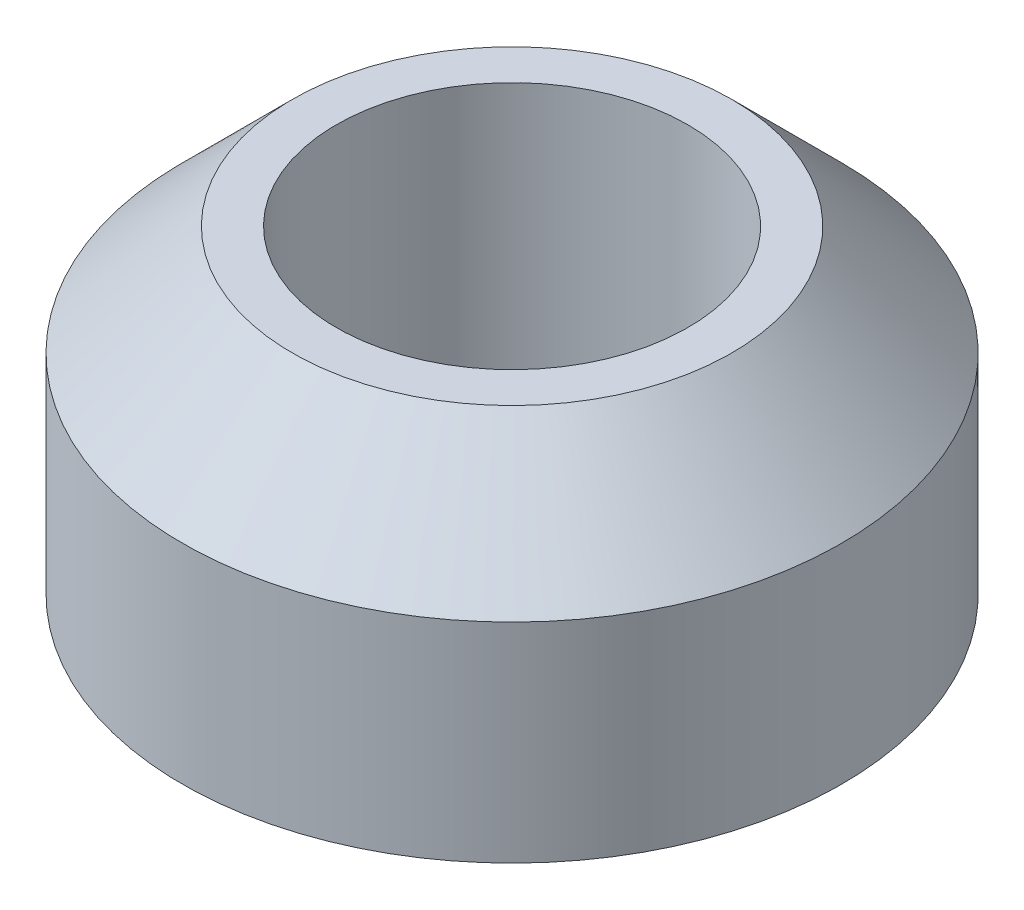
ISO-10303-21;
HEADER;
FILE_DESCRIPTION(('STEP AP214'),'2;1');
FILE_NAME('part.step','',(''),(''),'','','');
FILE_SCHEMA(('AUTOMOTIVE_DESIGN { 1 0 10303 214 1 1 1 1 }'));
ENDSEC;
DATA;
#1=APPLICATION_CONTEXT('core data for automotive mechanical design processes');
#2=APPLICATION_PROTOCOL_DEFINITION('international standard','automotive_design',2000,#1);
#3=PRODUCT_CONTEXT('',#1,'mechanical');
#4=PRODUCT('Part','Part','',(#3));
#5=PRODUCT_RELATED_PRODUCT_CATEGORY('part','',(#4));
#6=PRODUCT_DEFINITION_FORMATION('','',#4);
#7=PRODUCT_DEFINITION_CONTEXT('part definition',#1,'design');
#8=PRODUCT_DEFINITION('design','',#6,#7);
#9=PRODUCT_DEFINITION_SHAPE('','',#8);
#10=(LENGTH_UNIT() NAMED_UNIT(*) SI_UNIT(.MILLI.,.METRE.));
#11=(NAMED_UNIT(*) PLANE_ANGLE_UNIT() SI_UNIT($,.RADIAN.));
#12=(NAMED_UNIT(*) SI_UNIT($,.STERADIAN.) SOLID_ANGLE_UNIT());
#13=UNCERTAINTY_MEASURE_WITH_UNIT(LENGTH_MEASURE(1.E-05),#10,'distance_accuracy_value','');
#14=(GEOMETRIC_REPRESENTATION_CONTEXT(3) GLOBAL_UNCERTAINTY_ASSIGNED_CONTEXT((#13)) GLOBAL_UNIT_ASSIGNED_CONTEXT((#10,
#11,#12)) REPRESENTATION_CONTEXT('',''));
#15=CARTESIAN_POINT('',(0.,0.,0.));
#16=DIRECTION('',(0.,0.,1.));
#17=DIRECTION('',(1.,0.,0.));
#18=AXIS2_PLACEMENT_3D('',#15,#16,#17);
#19=CARTESIAN_POINT('',(0.,0.,0.));
#20=DIRECTION('',(0.,-1.,0.));
#21=DIRECTION('',(0.,0.,-1.));
#22=AXIS2_PLACEMENT_3D('',#19,#20,#21);
#23=CYLINDRICAL_SURFACE('',#22,15.);
#24=CARTESIAN_POINT('',(0.,0.,0.));
#25=DIRECTION('',(0.,-1.,0.));
#26=DIRECTION('',(0.,0.,-1.));
#27=AXIS2_PLACEMENT_3D('',#24,#25,#26);
#28=CIRCLE('',#27,15.);
#29=CARTESIAN_POINT('',(0.,0.,-15.));
#30=VERTEX_POINT('',#29);
#31=EDGE_CURVE('E10',#30,#30,#28,.T.);
#32=ORIENTED_EDGE('',*,*,#31,.F.);
#33=EDGE_LOOP('',(#32));
#34=FACE_BOUND('',#33,.T.);
#35=CARTESIAN_POINT('',(0.,9.5,0.));
#36=DIRECTION('',(0.,-1.,0.));
#37=DIRECTION('',(0.,0.,-1.));
#38=AXIS2_PLACEMENT_3D('',#35,#36,#37);
#39=CIRCLE('',#38,15.);
#40=CARTESIAN_POINT('',(0.,9.5,-15.));
#41=VERTEX_POINT('',#40);
#42=EDGE_CURVE('E45',#41,#41,#39,.T.);
#43=ORIENTED_EDGE('',*,*,#42,.T.);
#44=EDGE_LOOP('',(#43));
#45=FACE_BOUND('',#44,.T.);
#46=ADVANCED_FACE('F26',(#34,#45),#23,.T.);
#47=CARTESIAN_POINT('',(-8.,0.,0.));
#48=DIRECTION('',(0.,1.,0.));
#49=DIRECTION('',(0.,0.,1.));
#50=AXIS2_PLACEMENT_3D('',#47,#48,#49);
#51=PLANE('',#50);
#52=CARTESIAN_POINT('',(0.,0.,0.));
#53=DIRECTION('',(0.,-1.,0.));
#54=DIRECTION('',(0.,0.,-1.));
#55=AXIS2_PLACEMENT_3D('',#52,#53,#54);
#56=CIRCLE('',#55,8.);
#57=CARTESIAN_POINT('',(0.,0.,-8.));
#58=VERTEX_POINT('',#57);
#59=EDGE_CURVE('E32',#58,#58,#56,.T.);
#60=ORIENTED_EDGE('',*,*,#59,.F.);
#61=EDGE_LOOP('',(#60));
#62=FACE_BOUND('',#61,.T.);
#63=ORIENTED_EDGE('',*,*,#31,.T.);
#64=EDGE_LOOP('',(#63));
#65=FACE_BOUND('',#64,.T.);
#66=ADVANCED_FACE('F64',(#62,#65),#51,.F.);
#67=CARTESIAN_POINT('',(0.,0.,0.));
#68=DIRECTION('',(0.,-1.,0.));
#69=DIRECTION('',(0.,0.,-1.));
#70=AXIS2_PLACEMENT_3D('',#67,#68,#69);
#71=CYLINDRICAL_SURFACE('',#70,8.);
#72=CARTESIAN_POINT('',(0.,14.5,0.));
#73=DIRECTION('',(0.,-1.,0.));
#74=DIRECTION('',(0.,0.,-1.));
#75=AXIS2_PLACEMENT_3D('',#72,#73,#74);
#76=CIRCLE('',#75,8.);
#77=CARTESIAN_POINT('',(0.,14.5,-8.));
#78=VERTEX_POINT('',#77);
#79=EDGE_CURVE('E36',#78,#78,#76,.T.);
#80=ORIENTED_EDGE('',*,*,#79,.F.);
#81=EDGE_LOOP('',(#80));
#82=FACE_BOUND('',#81,.T.);
#83=ORIENTED_EDGE('',*,*,#59,.T.);
#84=EDGE_LOOP('',(#83));
#85=FACE_BOUND('',#84,.T.);
#86=ADVANCED_FACE('F59',(#82,#85),#71,.F.);
#87=CARTESIAN_POINT('',(-10.,14.5,0.));
#88=DIRECTION('',(0.,-1.,0.));
#89=DIRECTION('',(0.,0.,-1.));
#90=AXIS2_PLACEMENT_3D('',#87,#88,#89);
#91=PLANE('',#90);
#92=CARTESIAN_POINT('',(0.,14.5,0.));
#93=DIRECTION('',(0.,-1.,0.));
#94=DIRECTION('',(0.,0.,-1.));
#95=AXIS2_PLACEMENT_3D('',#92,#93,#94);
#96=CIRCLE('',#95,10.);
#97=CARTESIAN_POINT('',(0.,14.5,-10.));
#98=VERTEX_POINT('',#97);
#99=EDGE_CURVE('E40',#98,#98,#96,.T.);
#100=ORIENTED_EDGE('',*,*,#99,.F.);
#101=EDGE_LOOP('',(#100));
#102=FACE_BOUND('',#101,.T.);
#103=ORIENTED_EDGE('',*,*,#79,.T.);
#104=EDGE_LOOP('',(#103));
#105=FACE_BOUND('',#104,.T.);
#106=ADVANCED_FACE('F53',(#102,#105),#91,.F.);
#107=CARTESIAN_POINT('',(0.,14.5,0.));
#108=DIRECTION('',(0.,-1.,0.));
#109=DIRECTION('',(0.,0.,-1.));
#110=AXIS2_PLACEMENT_3D('',#107,#108,#109);
#111=CONICAL_SURFACE('',#110,10.,0.785398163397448);
#112=ORIENTED_EDGE('',*,*,#42,.F.);
#113=EDGE_LOOP('',(#112));
#114=FACE_BOUND('',#113,.T.);
#115=ORIENTED_EDGE('',*,*,#99,.T.);
#116=EDGE_LOOP('',(#115));
#117=FACE_BOUND('',#116,.T.);
#118=ADVANCED_FACE('F50',(#114,#117),#111,.T.);
#119=CLOSED_SHELL('',(#46,#66,#86,#106,#118));
#120=MANIFOLD_SOLID_BREP('B2',#119);
#121=ADVANCED_BREP_SHAPE_REPRESENTATION('',(#18,#120),#14);
#122=SHAPE_DEFINITION_REPRESENTATION(#9,#121);
ENDSEC;
END-ISO-10303-21;

____________

• What you have to do: Transcribe the records above exactly, leaving every picture out of the copy.

• Exercise output:
ISO-10303-21;
HEADER;
FILE_DESCRIPTION(('STEP AP214'),'2;1');
FILE_NAME('part.step','',(''),(''),'','','');
FILE_SCHEMA(('AUTOMOTIVE_DESIGN { 1 0 10303 214 1 1 1 1 }'));
ENDSEC;
DATA;
#1=APPLICATION_CONTEXT('core data for automotive mechanical design processes');
#2=APPLICATION_PROTOCOL_DEFINITION('international standard','automotive_design',2000,#1);
#3=PRODUCT_CONTEXT('',#1,'mechanical');
#4=PRODUCT('Part','Part','',(#3));
#5=PRODUCT_RELATED_PRODUCT_CATEGORY('part','',(#4));
#6=PRODUCT_DEFINITION_FORMATION('','',#4);
#7=PRODUCT_DEFINITION_CONTEXT('part definition',#1,'design');
#8=PRODUCT_DEFINITION('design','',#6,#7);
#9=PRODUCT_DEFINITION_SHAPE('','',#8);
#10=(LENGTH_UNIT() NAMED_UNIT(*) SI_UNIT(.MILLI.,.METRE.));
#11=(NAMED_UNIT(*) PLANE_ANGLE_UNIT() SI_UNIT($,.RADIAN.));
#12=(NAMED_UNIT(*) SI_UNIT($,.STERADIAN.) SOLID_ANGLE_UNIT());
#13=UNCERTAINTY_MEASURE_WITH_UNIT(LENGTH_MEASURE(1.E-05),#10,'distance_accuracy_value','');
#14=(GEOMETRIC_REPRESENTATION_CONTEXT(3) GLOBAL_UNCERTAINTY_ASSIGNED_CONTEXT((#13)) GLOBAL_UNIT_ASSIGNED_CONTEXT((#10,
#11,#12)) REPRESENTATION_CONTEXT('',''));
#15=CARTESIAN_POINT('',(0.,0.,0.));
#16=DIRECTION('',(0.,0.,1.));
#17=DIRECTION('',(1.,0.,0.));
#18=AXIS2_PLACEMENT_3D('',#15,#16,#17);
#19=CARTESIAN_POINT('',(0.,0.,0.));
#20=DIRECTION('',(0.,-1.,0.));
#21=DIRECTION('',(0.,0.,-1.));
#22=AXIS2_PLACEMENT_3D('',#19,#20,#21);
#23=CYLINDRICAL_SURFACE('',#22,15.);
#24=CARTESIAN_POINT('',(0.,0.,0.));
#25=DIRECTION('',(0.,-1.,0.));
#26=DIRECTION('',(0.,0.,-1.));
#27=AXIS2_PLACEMENT_3D('',#24,#25,#26);
#28=CIRCLE('',#27,15.);
#29=CARTESIAN_POINT('',(0.,0.,-15.));
#30=VERTEX_POINT('',#29);
#31=EDGE_CURVE('E10',#30,#30,#28,.T.);
#32=ORIENTED_EDGE('',*,*,#31,.F.);
#33=EDGE_LOOP('',(#32));
#34=FACE_BOUND('',#33,.T.);
#35=CARTESIAN_POINT('',(0.,9.5,0.));
#36=DIRECTION('',(0.,-1.,0.));
#37=DIRECTION('',(0.,0.,-1.));
#38=AXIS2_PLACEMENT_3D('',#35,#36,#37);
#39=CIRCLE('',#38,15.);
#40=CARTESIAN_POINT('',(0.,9.5,-15.));
#41=VERTEX_POINT('',#40);
#42=EDGE_CURVE('E45',#41,#41,#39,.T.);
#43=ORIENTED_EDGE('',*,*,#42,.T.);
#44=EDGE_LOOP('',(#43));
#45=FACE_BOUND('',#44,.T.);
#46=ADVANCED_FACE('F26',(#34,#45),#23,.T.);
#47=CARTESIAN_POINT('',(-8.,0.,0.));
#48=DIRECTION('',(0.,1.,0.));
#49=DIRECTION('',(0.,0.,1.));
#50=AXIS2_PLACEMENT_3D('',#47,#48,#49);
#51=PLANE('',#50);
#52=CARTESIAN_POINT('',(0.,0.,0.));
#53=DIRECTION('',(0.,-1.,0.));
#54=DIRECTION('',(0.,0.,-1.));
#55=AXIS2_PLACEMENT_3D('',#52,#53,#54);
#56=CIRCLE('',#55,8.);
#57=CARTESIAN_POINT('',(0.,0.,-8.));
#58=VERTEX_POINT('',#57);
#59=EDGE_CURVE('E32',#58,#58,#56,.T.);
#60=ORIENTED_EDGE('',*,*,#59,.F.);
#61=EDGE_LOOP('',(#60));
#62=FACE_BOUND('',#61,.T.);
#63=ORIENTED_EDGE('',*,*,#31,.T.);
#64=EDGE_LOOP('',(#63));
#65=FACE_BOUND('',#64,.T.);
#66=ADVANCED_FACE('F64',(#62,#65),#51,.F.);
#67=CARTESIAN_POINT('',(0.,0.,0.));
#68=DIRECTION('',(0.,-1.,0.));
#69=DIRECTION('',(0.,0.,-1.));
#70=AXIS2_PLACEMENT_3D('',#67,#68,#69);
#71=CYLINDRICAL_SURFACE('',#70,8.);
#72=CARTESIAN_POINT('',(0.,14.5,0.));
#73=DIRECTION('',(0.,-1.,0.));
#74=DIRECTION('',(0.,0.,-1.));
#75=AXIS2_PLACEMENT_3D('',#72,#73,#74);
#76=CIRCLE('',#75,8.);
#77=CARTESIAN_POINT('',(0.,14.5,-8.));
#78=VERTEX_POINT('',#77);
#79=EDGE_CURVE('E36',#78,#78,#76,.T.);
#80=ORIENTED_EDGE('',*,*,#79,.F.);
#81=EDGE_LOOP('',(#80));
#82=FACE_BOUND('',#81,.T.);
#83=ORIENTED_EDGE('',*,*,#59,.T.);
#84=EDGE_LOOP('',(#83));
#85=FACE_BOUND('',#84,.T.);
#86=ADVANCED_FACE('F59',(#82,#85),#71,.F.);
#87=CARTESIAN_POINT('',(-10.,14.5,0.));
#88=DIRECTION('',(0.,-1.,0.));
#89=DIRECTION('',(0.,0.,-1.));
#90=AXIS2_PLACEMENT_3D('',#87,#88,#89);
#91=PLANE('',#90);
#92=CARTESIAN_POINT('',(0.,14.5,0.));
#93=DIRECTION('',(0.,-1.,0.));
#94=DIRECTION('',(0.,0.,-1.));
#95=AXIS2_PLACEMENT_3D('',#92,#93,#94);
#96=CIRCLE('',#95,10.);
#97=CARTESIAN_POINT('',(0.,14.5,-10.));
#98=VERTEX_POINT('',#97);
#99=EDGE_CURVE('E40',#98,#98,#96,.T.);
#100=ORIENTED_EDGE('',*,*,#99,.F.);
#101=EDGE_LOOP('',(#100));
#102=FACE_BOUND('',#101,.T.);
#103=ORIENTED_EDGE('',*,*,#79,.T.);
#104=EDGE_LOOP('',(#103));
#105=FACE_BOUND('',#104,.T.);
#106=ADVANCED_FACE('F53',(#102,#105),#91,.F.);
#107=CARTESIAN_POINT('',(0.,14.5,0.));
#108=DIRECTION('',(0.,-1.,0.));
#109=DIRECTION('',(0.,0.,-1.));
#110=AXIS2_PLACEMENT_3D('',#107,#108,#109);
#111=CONICAL_SURFACE('',#110,10.,0.785398163397448);
#112=ORIENTED_EDGE('',*,*,#42,.F.);
#113=EDGE_LOOP('',(#112));
#114=FACE_BOUND('',#113,.T.);
#115=ORIENTED_EDGE('',*,*,#99,.T.);
#116=EDGE_LOOP('',(#115));
#117=FACE_BOUND('',#116,.T.);
#118=ADVANCED_FACE('F50',(#114,#117),#111,.T.);
#119=CLOSED_SHELL('',(#46,#66,#86,#106,#118));
#120=MANIFOLD_SOLID_BREP('B2',#119);
#121=ADVANCED_BREP_SHAPE_REPRESENTATION('',(#18,#120),#14);
#122=SHAPE_DEFINITION_REPRESENTATION(#9,#121);
ENDSEC;
END-ISO-10303-21;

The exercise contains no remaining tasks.